Young people in youth care report frequent verbal and physical violence
About a quarter of young people staying in youth care institutions have experienced physical violence and almost half have experienced verbal violence. These revelations came from the State Secretary for Health Maarten van Ooijen in a letter to the Tweede Kamer on Friday.
The statistics were based on research in which young people were asked about their sense of safety in youth care. It was not specified whether the verbal and physical violence came from care providers or other young people.
In youth care, 81 percent of young people indicated that they feel safe with their supervisor and institution and 23 percent indicated that they sometimes felt unsafe in the vicinity of their current residence. The research concluded that most young people feel safe, but their answers are also due in large part to their perception of what is “normal.”
“There were young people who indicated that they had come to find things normal in the context they were in and only realized at the next institution that this was not normal,” Van Ooijen said.
The study looked at all forms of residential youth care, including foster care, family homes, open residential accommodation and closed youth care. In addition, Juvenile Correctional Institutions (JJIs), Small-Scale Juvenile Provisions (KVJJs) and reception centers for unaccompanied minor refugees were also included in the study.
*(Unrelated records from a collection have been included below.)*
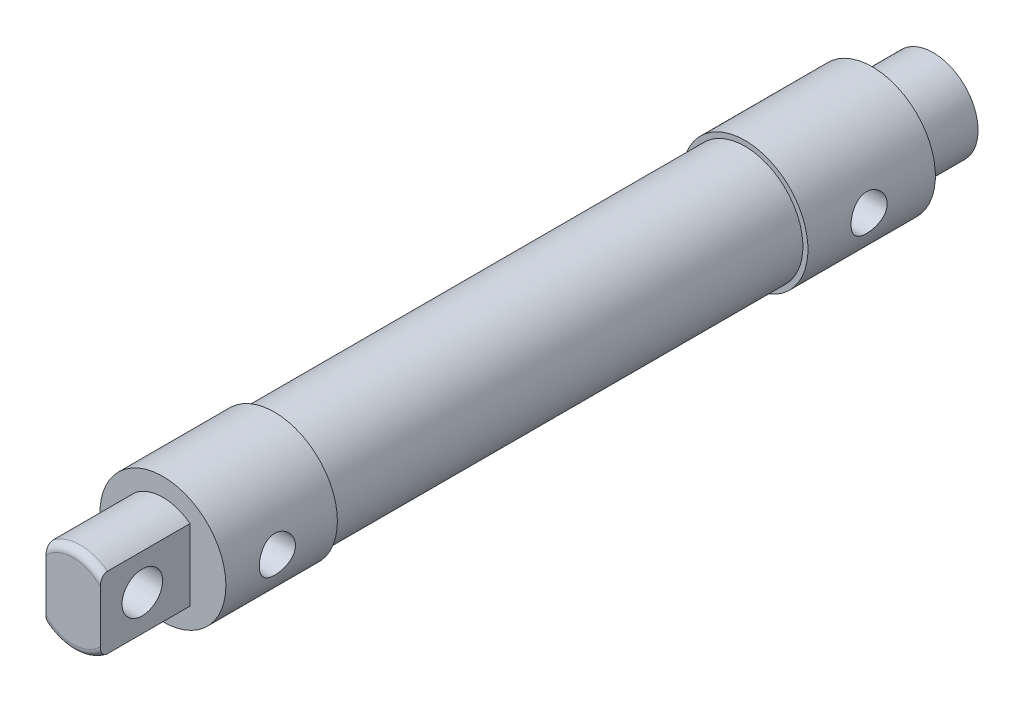
ISO-10303-21;
HEADER;
FILE_DESCRIPTION(('STEP AP214'),'2;1');
FILE_NAME('part.step','',(''),(''),'','','');
FILE_SCHEMA(('AUTOMOTIVE_DESIGN { 1 0 10303 214 1 1 1 1 }'));
ENDSEC;
DATA;
#1=APPLICATION_CONTEXT('core data for automotive mechanical design processes');
#2=APPLICATION_PROTOCOL_DEFINITION('international standard','automotive_design',2000,#1);
#3=PRODUCT_CONTEXT('',#1,'mechanical');
#4=PRODUCT('Part','Part','',(#3));
#5=PRODUCT_RELATED_PRODUCT_CATEGORY('part','',(#4));
#6=PRODUCT_DEFINITION_FORMATION('','',#4);
#7=PRODUCT_DEFINITION_CONTEXT('part definition',#1,'design');
#8=PRODUCT_DEFINITION('design','',#6,#7);
#9=PRODUCT_DEFINITION_SHAPE('','',#8);
#10=(LENGTH_UNIT() NAMED_UNIT(*) SI_UNIT(.MILLI.,.METRE.));
#11=(NAMED_UNIT(*) PLANE_ANGLE_UNIT() SI_UNIT($,.RADIAN.));
#12=(NAMED_UNIT(*) SI_UNIT($,.STERADIAN.) SOLID_ANGLE_UNIT());
#13=UNCERTAINTY_MEASURE_WITH_UNIT(LENGTH_MEASURE(1.E-05),#10,'distance_accuracy_value','');
#14=(GEOMETRIC_REPRESENTATION_CONTEXT(3) GLOBAL_UNCERTAINTY_ASSIGNED_CONTEXT((#13)) GLOBAL_UNIT_ASSIGNED_CONTEXT((#10,
#11,#12)) REPRESENTATION_CONTEXT('',''));
#15=CARTESIAN_POINT('',(0.,0.,0.));
#16=DIRECTION('',(0.,0.,1.));
#17=DIRECTION('',(1.,0.,0.));
#18=AXIS2_PLACEMENT_3D('',#15,#16,#17);
#19=CARTESIAN_POINT('',(0.,0.,102.108));
#20=DIRECTION('',(0.,0.,-1.));
#21=DIRECTION('',(-1.,0.,0.));
#22=AXIS2_PLACEMENT_3D('',#19,#20,#21);
#23=CYLINDRICAL_SURFACE('',#22,11.049);
#24=CARTESIAN_POINT('',(0.,0.,102.108));
#25=DIRECTION('',(0.,0.,1.));
#26=DIRECTION('',(1.,0.,0.));
#27=AXIS2_PLACEMENT_3D('',#24,#25,#26);
#28=CIRCLE('',#27,11.049);
#29=CARTESIAN_POINT('',(11.049,0.,102.108));
#30=VERTEX_POINT('',#29);
#31=EDGE_CURVE('E244',#30,#30,#28,.T.);
#32=ORIENTED_EDGE('',*,*,#31,.F.);
#33=EDGE_LOOP('',(#32));
#34=FACE_BOUND('',#33,.T.);
#35=CARTESIAN_POINT('',(0.,0.,82.55));
#36=DIRECTION('',(0.,0.,1.));
#37=DIRECTION('',(1.,0.,0.));
#38=AXIS2_PLACEMENT_3D('',#35,#36,#37);
#39=CIRCLE('',#38,11.049);
#40=CARTESIAN_POINT('',(11.049,0.,82.55));
#41=VERTEX_POINT('',#40);
#42=EDGE_CURVE('E245',#41,#41,#39,.T.);
#43=ORIENTED_EDGE('',*,*,#42,.T.);
#44=EDGE_LOOP('',(#43));
#45=FACE_BOUND('',#44,.T.);
#46=CARTESIAN_POINT('',(10.5829946612478,-3.175,93.0760778464226));
#47=CARTESIAN_POINT('',(10.5829970378921,-3.17499696173694,93.2504210160346));
#48=CARTESIAN_POINT('',(10.5873499628536,-3.16059101598809,93.4247947914254));
#49=CARTESIAN_POINT('',(10.6042287733974,-3.10348071440142,93.7684686648293));
#50=CARTESIAN_POINT('',(10.6167579154399,-3.06076508315063,93.9377667131465));
#51=CARTESIAN_POINT('',(10.6484555361327,-2.94858604276688,94.266265950174));
#52=CARTESIAN_POINT('',(10.6676136440502,-2.87916439519901,94.4254824534469));
#53=CARTESIAN_POINT('',(10.7103968556723,-2.71567886194747,94.7300428356047));
#54=CARTESIAN_POINT('',(10.7340225055439,-2.62161196278527,94.8753850150505));
#55=CARTESIAN_POINT('',(10.7838478929209,-2.40858326173655,95.1522908243156));
#56=CARTESIAN_POINT('',(10.8100989589948,-2.28903221307923,95.2833920018629));
#57=CARTESIAN_POINT('',(10.8617771284488,-2.02969339145336,95.5239875474528));
#58=CARTESIAN_POINT('',(10.8872041340175,-1.88990322690515,95.63347935838));
#59=CARTESIAN_POINT('',(10.9349482869144,-1.59079703436564,95.8297248552312));
#60=CARTESIAN_POINT('',(10.9571978703645,-1.43116293599986,95.9160116284078));
#61=CARTESIAN_POINT('',(10.9954868205641,-1.09890403668004,96.0603402425021));
#62=CARTESIAN_POINT('',(11.0115274108589,-0.926281803186664,96.1183876488545));
#63=CARTESIAN_POINT('',(11.0352279538983,-0.577780737066135,96.2030726139401));
#64=CARTESIAN_POINT('',(11.0430978601515,-0.402107999548981,96.2304985007207));
#65=CARTESIAN_POINT('',(11.0503076095615,-0.0484902253797742,96.2556497122282));
#66=CARTESIAN_POINT('',(11.0496491013871,0.129454365444954,96.2533807774033));
#67=CARTESIAN_POINT('',(11.0400267625263,0.477051272742408,96.2197461231162));
#68=CARTESIAN_POINT('',(11.0313063870296,0.646793905386179,96.1892332895884));
#69=CARTESIAN_POINT('',(11.0068326238017,0.978639250638321,96.1013641482073));
#70=CARTESIAN_POINT('',(10.991078806017,1.14074149541176,96.0440061989228));
#71=CARTESIAN_POINT('',(10.9539621303433,1.4547904040677,95.9034681087909));
#72=CARTESIAN_POINT('',(10.9325393858836,1.60660549873712,95.8200104285103));
#73=CARTESIAN_POINT('',(10.8863714985496,1.89435605989024,95.6298587495398));
#74=CARTESIAN_POINT('',(10.8616256211488,2.03028800319434,95.5231596104371));
#75=CARTESIAN_POINT('',(10.8104367437012,2.28750533131605,95.2850886155363));
#76=CARTESIAN_POINT('',(10.7839646808932,2.4080998224991,95.1529756044689));
#77=CARTESIAN_POINT('',(10.733084389821,2.62560689303648,94.8701356166965));
#78=CARTESIAN_POINT('',(10.7086763331534,2.72251750463204,94.7194070948998));
#79=CARTESIAN_POINT('',(10.6645569111701,2.89054812362863,94.4019229266747));
#80=CARTESIAN_POINT('',(10.6448854814472,2.96145130546496,94.2350465742272));
#81=CARTESIAN_POINT('',(10.6129476152519,3.07395555813914,93.8910300905357));
#82=CARTESIAN_POINT('',(10.6006789953196,3.11556526969433,93.7138930026082));
#83=CARTESIAN_POINT('',(10.585409663935,3.16704977828252,93.360914762678));
#84=CARTESIAN_POINT('',(10.5821046142205,3.17796715559108,93.185238699667));
#85=CARTESIAN_POINT('',(10.5842985066283,3.17065339734403,92.8345648988625));
#86=CARTESIAN_POINT('',(10.5897963357224,3.15242594683497,92.659567078117));
#87=CARTESIAN_POINT('',(10.6086796202177,3.08826497319619,92.3194335876821));
#88=CARTESIAN_POINT('',(10.6218788212302,3.04298510170739,92.1541632424752));
#89=CARTESIAN_POINT('',(10.654488955992,2.92675343849825,91.8335706419406));
#90=CARTESIAN_POINT('',(10.6739007932801,2.85579791242604,91.6782498375766));
#91=CARTESIAN_POINT('',(10.7173525725105,2.68819763195385,91.3776772532887));
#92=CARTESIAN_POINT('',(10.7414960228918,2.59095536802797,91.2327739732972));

Young people in the JJIs seemed to feel less safe than those in other institutions. They also experienced verbal and physical abuse more often, according to the research. Young people in family homes experienced the least amount of violence, relatively speaking.
It is important to note that a limited number of young people, approximately 120, took part in the study. Therefore, it is difficult to make statements about specific groups of young people, the researchers said.
In the letter, Van Ooijen promised to conduct the investigation again in two years’ time, with the goal to increase the response. “Violence and insecurity within youth care remains a very important subject and deserves our attention,” he said.
The study was prompted by a 2019 report on violence in youth care, which concluded that 75 percent of children and young people who were in youth care institutions between 1945 and 2019 had been victims of physical, psychological or sexual violence.